Vorrei che qualche politico illuminato mi spiegasse perché 10 amici, tutti immunizzati, non potrebbero, per esempio, andare in un ristorante per la gioia loro e del ristoratore!

A distanza di un anno si sta “ipotizzando” il passaporto vaccinale? Ridicoli. Doveva essere la prima cosa a cui pensare. Invece di pagare qualcuno che prende la temperatura con i termometri da 4 euro comprati su Amazon, basta un’App con un lettore di QR code (generato a doppio fattore, con tecnologie disponibili e sicure) che identifica se sei immunizzato o vaccinato leggendo i dati da una banca dati unificata. Invece abbiamo le ULSS che non riescono nemmeno ad intrecciare i dati sanitari tra loro! Ridicoli! Lo avevo già scritto in un articolo il 30 dicembre scorso (LA SALVEZZA).

Non c’è logica in nulla. Persino nel migliore dei casi vissuto personalmente, vi racconto come ho fatto per prenotare un tampone molecolare a pagamento in una delle strutture meglio organizzate. Nel sito della società si può facilmente accedere alla sezione “Tamponi” e verificare la disponibilità al prelievo (in tempo reale) col un calendario diviso per fasce orarie. Fantastico.

Procedo e inserisco come richiesto, nome, cognome, codice fiscale, e mail per la lettura del referto on line. Mi arriva subito la conferma dell’appuntamento con l’orario scelto e con un codice. Fantastico.

Mi reco nella struttura non più di 5 minuti prima come espressamente richiesto e all’ingresso trovo una signorina gentilissima che mi chiede di igienizzare le mani prima di tutto, poi, una volta presa la mia temperatura e identificato il mio codice con la mia prenotazione mi consegna un foglio da compilare con una penna.

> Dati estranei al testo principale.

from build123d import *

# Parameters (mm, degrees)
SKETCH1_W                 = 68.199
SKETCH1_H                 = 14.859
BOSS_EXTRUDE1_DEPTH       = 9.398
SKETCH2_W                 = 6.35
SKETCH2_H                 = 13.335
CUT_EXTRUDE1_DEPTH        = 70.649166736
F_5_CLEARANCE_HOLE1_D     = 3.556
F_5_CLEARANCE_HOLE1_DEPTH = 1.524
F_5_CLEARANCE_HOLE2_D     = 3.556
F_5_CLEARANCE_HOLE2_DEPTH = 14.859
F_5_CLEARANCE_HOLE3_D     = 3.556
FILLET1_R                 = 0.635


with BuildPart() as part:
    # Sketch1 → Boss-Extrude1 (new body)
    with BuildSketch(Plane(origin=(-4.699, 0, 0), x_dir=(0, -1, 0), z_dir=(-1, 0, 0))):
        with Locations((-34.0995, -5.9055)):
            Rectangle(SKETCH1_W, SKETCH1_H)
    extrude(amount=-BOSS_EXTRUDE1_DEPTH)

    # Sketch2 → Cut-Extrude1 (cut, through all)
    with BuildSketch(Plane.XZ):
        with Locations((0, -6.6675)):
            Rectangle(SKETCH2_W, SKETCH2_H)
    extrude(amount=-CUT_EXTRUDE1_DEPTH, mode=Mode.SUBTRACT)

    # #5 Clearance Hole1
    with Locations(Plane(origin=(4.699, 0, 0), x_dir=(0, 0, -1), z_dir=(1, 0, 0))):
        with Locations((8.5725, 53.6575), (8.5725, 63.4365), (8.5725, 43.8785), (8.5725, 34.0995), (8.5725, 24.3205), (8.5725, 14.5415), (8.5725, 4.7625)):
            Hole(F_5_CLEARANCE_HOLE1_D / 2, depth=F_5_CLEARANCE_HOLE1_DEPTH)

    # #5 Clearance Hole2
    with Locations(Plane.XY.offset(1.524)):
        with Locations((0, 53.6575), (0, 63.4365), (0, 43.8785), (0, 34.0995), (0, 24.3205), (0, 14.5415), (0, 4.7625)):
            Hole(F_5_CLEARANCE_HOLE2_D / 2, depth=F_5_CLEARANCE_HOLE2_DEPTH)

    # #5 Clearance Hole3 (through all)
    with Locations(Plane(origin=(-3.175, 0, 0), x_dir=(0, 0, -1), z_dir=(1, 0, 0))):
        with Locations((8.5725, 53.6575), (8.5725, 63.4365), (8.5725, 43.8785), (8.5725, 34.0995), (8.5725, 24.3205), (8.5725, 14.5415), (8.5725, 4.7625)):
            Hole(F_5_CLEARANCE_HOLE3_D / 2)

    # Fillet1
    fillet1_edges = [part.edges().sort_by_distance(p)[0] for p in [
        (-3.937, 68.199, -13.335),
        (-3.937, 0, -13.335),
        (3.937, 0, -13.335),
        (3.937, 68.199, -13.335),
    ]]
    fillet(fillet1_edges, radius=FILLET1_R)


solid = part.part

Chissà cosa mi chiederanno? Gli stessi dati che avevo scritto personalmente e con cui avevo fatto la prenotazione il giorno prima!

Vabbè, non voglio polemizzare e una volta compilato il questionario aspetto il mio turno per pagare allo sportello. Un po’ meno fantastico, un po’ più italico.

Arrivo di fronte allo sportello, e consegnato il foglio la signorina cosa fa? Riscrive gli stessi dati al PC, copiandoli dal foglio di carta! Gli stessi dati che avevo scritto per la prenotazione nel loro sito.

A questo punto nulla è fantastico, ma totalmente illogico!

Devo dire che la gentilezza del personale, e la velocità del referto sono stati di prim’ordine, e torno a sottolineare che si tratta sicuramente del miglior servizio tamponi che abbia provato, ma perché non fare quel passo in più? Eviterebbe possibili errori di copiatura, tempo, carta e penne che passano fra le mani di persone possibilmente infettive. Insomma la logica, dov’è finita?

Questo non smetterà mai di farmi arrabbiare.

La civiltà di un paese non ha nulla a che vedere con la sua efficienza, ma se da un lato l’una passa attraverso l’educazione dei cittadini, l’altra ne certifica l’inadeguatezza.